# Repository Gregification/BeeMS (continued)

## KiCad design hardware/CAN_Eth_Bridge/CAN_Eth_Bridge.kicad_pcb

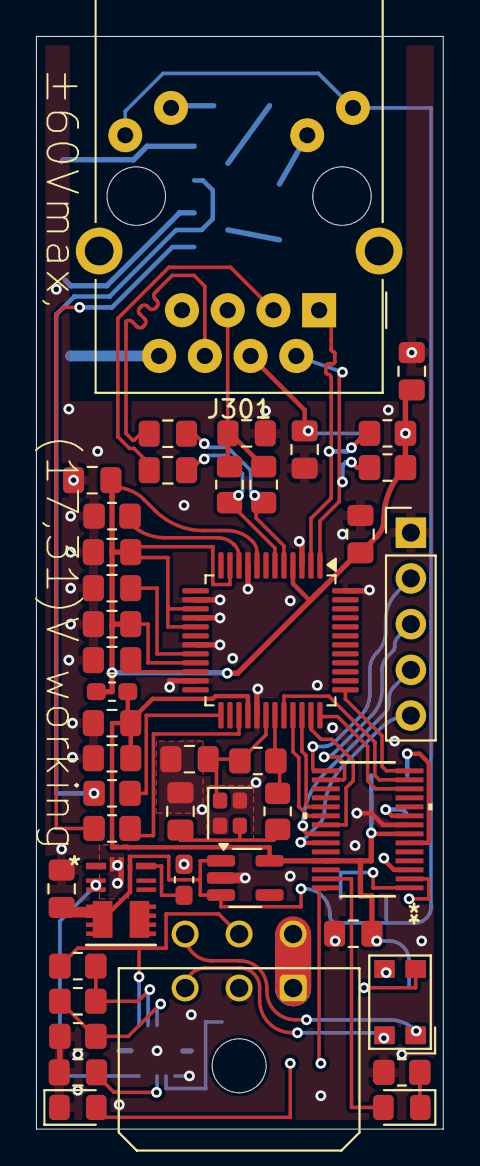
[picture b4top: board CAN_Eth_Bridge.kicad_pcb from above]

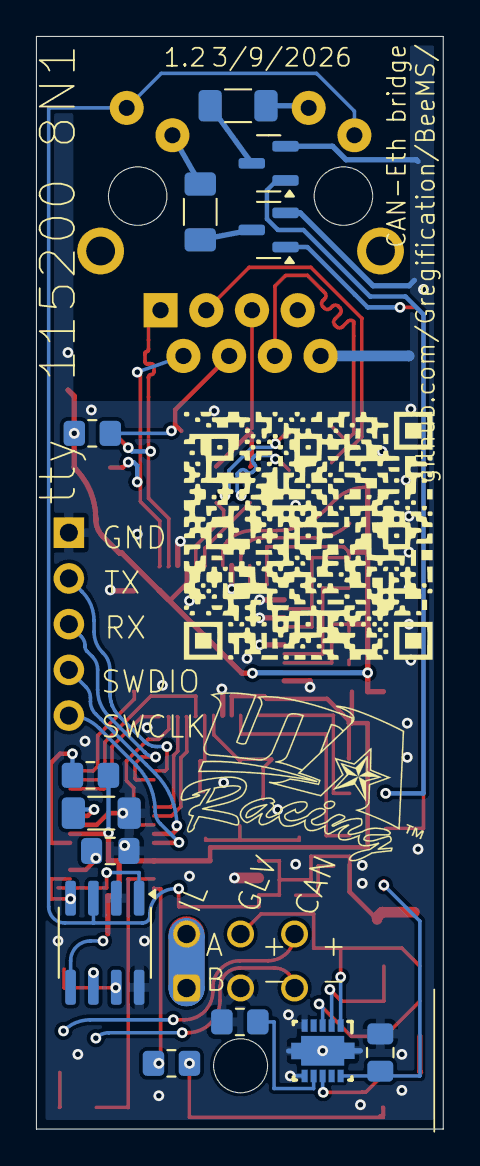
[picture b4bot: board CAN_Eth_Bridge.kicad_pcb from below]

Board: 2 copper layers, 22.6 x 60.7 mm, 57 parts (13 on the bottom side), 57 nets.

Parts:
C101: 1u; C_0603_1608Metric_Pad1.08x0.95mm_HandSolder
C102, C312, C319: 10n; C_0805_2012Metric_Pad1.18x1.45mm_HandSolder
C103, C105, C302, C309: 22u; C_0805_2012Metric_Pad1.18x1.45mm_HandSolder
C106, C110, C301, C304, C305, C311, C313: 220n; C_0805_2012Metric_Pad1.18x1.45mm_HandSolder
C303, C306: 18p; C_0805_2012Metric_Pad1.18x1.45mm_HandSolder
C314: 4.7u; C_0805_2012Metric_Pad1.18x1.45mm_HandSolder
C316, C317: 6.8n; C_0805_2012Metric_Pad1.18x1.45mm_HandSolder
C318: 22n; C_0805_2012Metric_Pad1.18x1.45mm_HandSolder
D102: green; LED_0805_2012Metric_Pad1.15x1.40mm_HandSolder
D105: blue; LED_0805_2012Metric_Pad1.15x1.40mm_HandSolder
FB301: MH1608-151Y; L_0603_1608Metric_Pad1.05x0.95mm_HandSolder
FL101: Choke_CommonMode_FerriteCore_1243; L_CommonModeChoke_Coilcraft_1812CAN
J101: Global LV and CAN; Molex_Micro-Fit_3.0_43045-0600_2x03_P3.00mm_Horizontal
J102: Conn_01x05_Pin; PinHeader_1x05_P2.54mm_Vertical
J301: RJ45_Amphenol_RJMG1BD3B8K1ANR
Q301, Q302: MMBT5550L; SOT-23
R101: 22.1k; R_0805_2012Metric_Pad1.20x1.40mm_HandSolder
R102, R103, R104, R311, R312: 2.4k; R_0805_2012Metric_Pad1.20x1.40mm_HandSolder
R105: 100k; R_1206_3216Metric_Pad1.30x1.75mm_HandSolder
R106: 40.2k; R_0805_2012Metric_Pad1.20x1.40mm_HandSolder
R107, R301: 1M; R_0805_2012Metric_Pad1.20x1.40mm_HandSolder
R108: 33.2k; R_0805_2012Metric_Pad1.20x1.40mm_HandSolder
R302, R315: 10; R_0805_2012Metric_Pad1.20x1.40mm_HandSolder
R303: 12.4k; R_0805_2012Metric_Pad1.20x1.40mm_HandSolder
R309, R310, R313, R314: 49.9; R_0805_2012Metric_Pad1.20x1.40mm_HandSolder
R316, R317: 750; R_1206_3216Metric_Pad1.30x1.75mm_HandSolder
U101: TPSM33606S5QRDNRQ1; RDN0011A_TEX
U102: TPS26625DRCR; DRC0010J_NV
U103: MCP2542FDxMF; SOIC-8_3.9x4.9mm_P1.27mm
U104: XMSM0G3507SDGS28R; VSSOP28_DGS_TEX-M
U106: NCP163ASN330T1G; SOT-23-5_HandSoldering
U301: W5500; LQFP-48_7x7mm_P0.5mm
Y301: Crystal_GND24; Crystal_SMD_2016-4Pin_2.0x1.6mm

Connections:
+3.3V: C105.1, C309.1, C313.1, FB301.1, R104.2, U103.5 (VIO), U104.7 (VDD), U104.25 (PA22/CLK_OUT/A0_7), U106.5 (VOUT), U301.28 (VDD)
+5V: C103.1, J301.L1, J301.L4, U101.4 (VOUT), U101.9 (FB), U103.3 (VDD), U106.1 (VIN), U106.3 (EN)
/Ethernet/+3.3VA: C301.1, C302.1, C304.1, C305.1, C311.1, FB301.2, R309.2, R313.2, R315.1, U301.4 (AVDD), U301.8 (AVDD), U301.11 (AVDD), U301.15 (AVDD), U301.17 (AVDD), U301.21 (AVDD)
/Ethernet/RD+: C316.2, J301.R3 (RD+)
/Ethernet/RD-: C317.2, J301.R6 (RD-)
/Ethernet/RX+: C316.1, R314.2, U301.6 (RXP)
/Ethernet/RX-: C317.1, R310.2, U301.5 (RXN)
/Ethernet/TD+: J301.R1 (TD+), R309.1, U301.2 (TXP)
/Ethernet/TD-: J301.R2 (TD-), R313.1, U301.1 (TXN)
/GLV+: J101.5, R107.2, U102.1 (IN)
/G_CAN+: FL101.1, J101.6
/G_CAN-: FL101.4, J101.3
/G_IL+: J101.1, J101.4
/LV+: C110.1, U101.2 (EN), U101.3 (VIN), U102.10 (OUT)
/can.rx: U103.4 (RXD), U104.2 (PA27/RTC_OUT/A0_0)
/can.tx: U103.1 (TXD), U104.1 (PA26/A0_1)
/eth.MISO/POCI: U104.19 (PA16/A1_1/FCC_IN), U301.34 (MISO)
/eth.MOSI/PICO: U104.21 (PA18/A1_3), U301.35 (MOSI)
/eth.SCLK: U104.20 (PA17/A1_2), U301.33 (SCLK)
/eth.cs_N: U104.13 (PA6/HFCLK_IN/HFXOUT), U301.32 (~SCS)
/eth.irq_N: U104.12 (PA5/HFXIN/FCC_IN), U301.36 (~INT)
/eth.reset_N: U104.14 (PA9_/_RTC_OUT_/_CLK_OUT), U301.37 (~RST)
/led.i1: R102.2, U104.28 (PA25/A0_2)
/led.sched: D105.2 (A), U104.27 (PA24/A0_3)
/prog.SWCLK: J102.5, U104.23 (PA20/SWCLK)
/prog.SWDIO: J102.4, U104.22 (PA19/SWDIO)
/prog.uart_ui_rx: J102.3, U104.16 (PA11)
/prog.uart_ui_tx: J102.2, U104.15 (PA10/CLK_OUT)
/vcore: C106.1, U104.3 (VCORE)
GND: C101.2, C102.2, C103.2, C105.2, C106.2, C110.2, C301.2, C302.2, C303.2, C304.2, C305.2, C306.2, C309.2, C311.2, C312.2, C313.2, C314.1, C318.2, C319.2, D102.1 (K), J101.2, J102.1, J301.R8, Q301.2 (E), Q302.2 (E), R101.1, R103.2, R105.1, R106.1, R303.2, U101.10 (GND), U101.11 (MODE/SYNCH), U102.5 (RTN), U102.6 (GND), U102.11 (PAD), U103.2 (VSS), U103.8 (STBY), U104.8 (VSS), U106.2 (GND), U301.3 (AGND), U301.9 (AGND), U301.14 (AGND), U301.16 (AGND), U301.19 (AGND), U301.23 (RSVD), U301.29 (GND), U301.48 (AGND), Y301.2, Y301.4
unnamed: C306.1, R302.1, Y301.3
unnamed: D102.2 (A), R102.1
unnamed: D105.1 (K), R103.1
unnamed: J301.L2, R316.2
unnamed: J301.L3, R317.2
unnamed: C319.1, J301.R5 (RCT), R310.1, R314.1
unnamed: C318.1, J301.R4 (TCT), R315.2
unnamed: Q301.1 (B), R311.1
unnamed: Q301.3 (C), R316.1
unnamed: Q302.1 (B), R312.1
unnamed: Q302.3 (C), R317.1
unnamed: C101.1, U101.8 (VCC)
unnamed: C102.1, U102.8 (DVDT)
unnamed: R101.2, U102.7 (ILIM)
unnamed: R106.2, R108.1, U102.3 (OVP)
unnamed: R107.1, R108.2, U102.2 (UVLO)
unnamed: FL101.2, U103.7 (CANH)
unnamed: FL101.3, U103.6 (CANL)
unnamed: R104.1, U104.6 (NRST)
unnamed: R105.2, U104.9 (PA2_/_ROSC)
unnamed: C312.1, U301.22 (1V2O)
unnamed: R312.2, U301.27 (ACTLED)
unnamed: R303.1, U301.10 (EXRES1)
unnamed: R311.2, U301.25 (LINKLED)
unnamed: C314.2, U301.20 (TOCAP)
unnamed: C303.1, R301.1, U301.30 (XI/CLKIN), Y301.1
unnamed: R301.2, R302.2, U301.31 (XO)

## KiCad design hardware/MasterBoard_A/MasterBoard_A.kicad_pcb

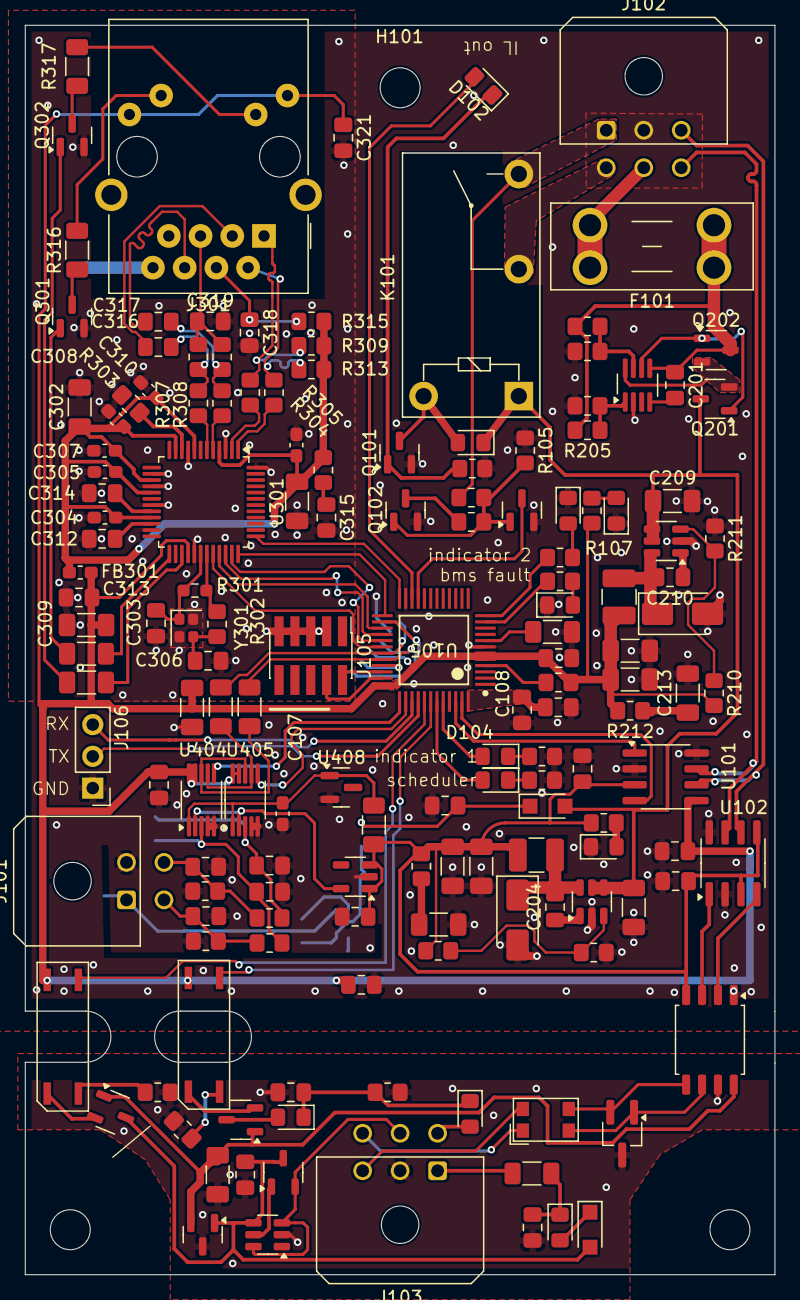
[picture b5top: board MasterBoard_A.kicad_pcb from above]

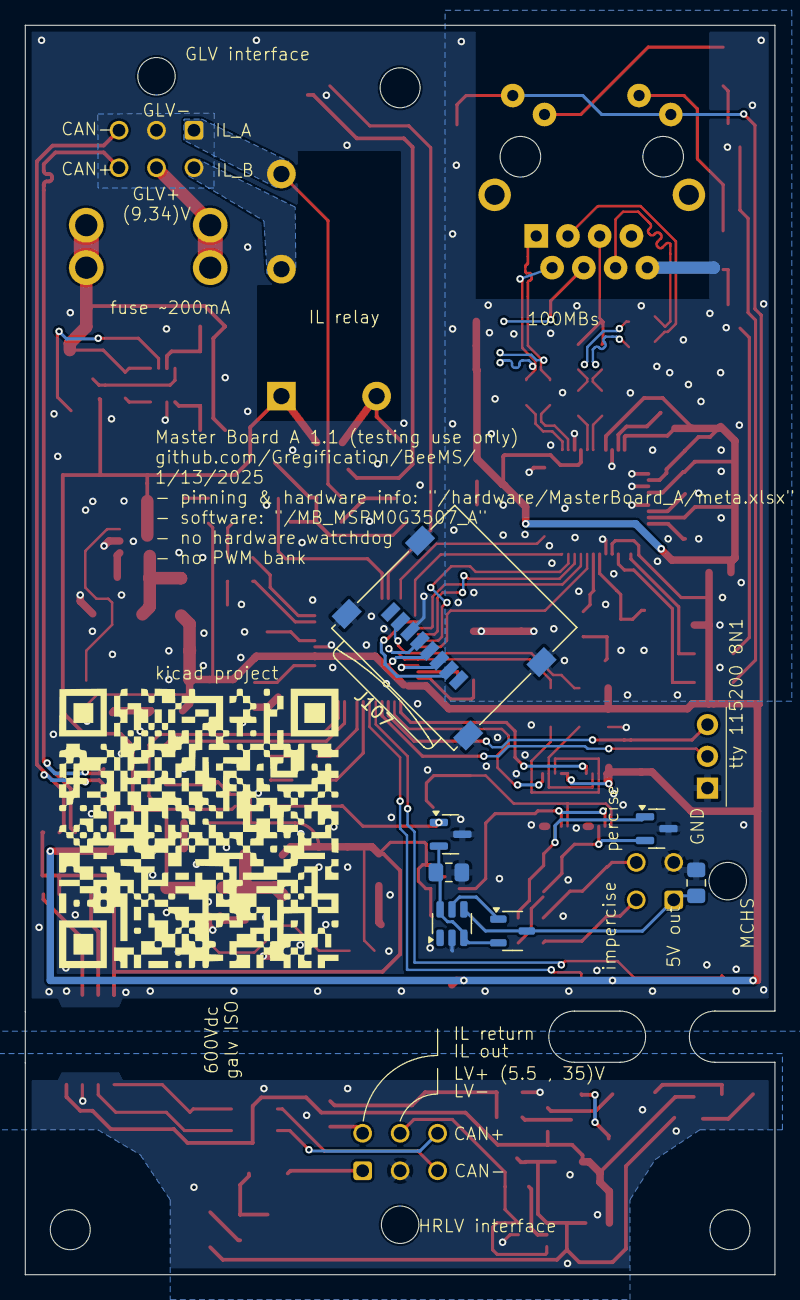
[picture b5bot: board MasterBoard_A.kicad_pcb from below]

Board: 2 copper layers, 60.0 x 100.0 mm, 166 parts (7 on the bottom side), 123 nets.

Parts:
C101, C102, C104, C108, C109, C110, C201, C204, C208, C210, C313, C315, C321, C402, C403, C407, C410, C411, C501, C502, C504: 220n; C_0805_2012Metric_Pad1.18x1.45mm_HandSolder
C107, C203, C205, C206, C207, C209, C211, C212, C213, C301, C302, C309, C503: 10u; C_1206_3216Metric_Pad1.33x1.80mm_HandSolder
C303, C306: 18p; C_0805_2012Metric_Pad1.18x1.45mm_HandSolder
C304, C305, C307, C308, C310, C311, C404: 100n; C_0603_1608Metric_Pad1.08x0.95mm_HandSolder
C312, C319, C405, C406, C408, C409: 10n; C_0805_2012Metric_Pad1.18x1.45mm_HandSolder
C314: 4.7u; C_0805_2012Metric_Pad1.18x1.45mm_HandSolder
C316, C317: 6.8n; C_0805_2012Metric_Pad1.18x1.45mm_HandSolder
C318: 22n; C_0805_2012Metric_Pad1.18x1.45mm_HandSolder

##############################

WHAT IS NEEDED: In the data above, find each line that uses the string "from". Copy it.

ANSWER FOR THE TASK:
[picture b4top: board CAN_Eth_Bridge.kicad_pcb from above]
[picture b4bot: board CAN_Eth_Bridge.kicad_pcb from below]
[picture b5top: board MasterBoard_A.kicad_pcb from above]
[picture b5bot: board MasterBoard_A.kicad_pcb from below]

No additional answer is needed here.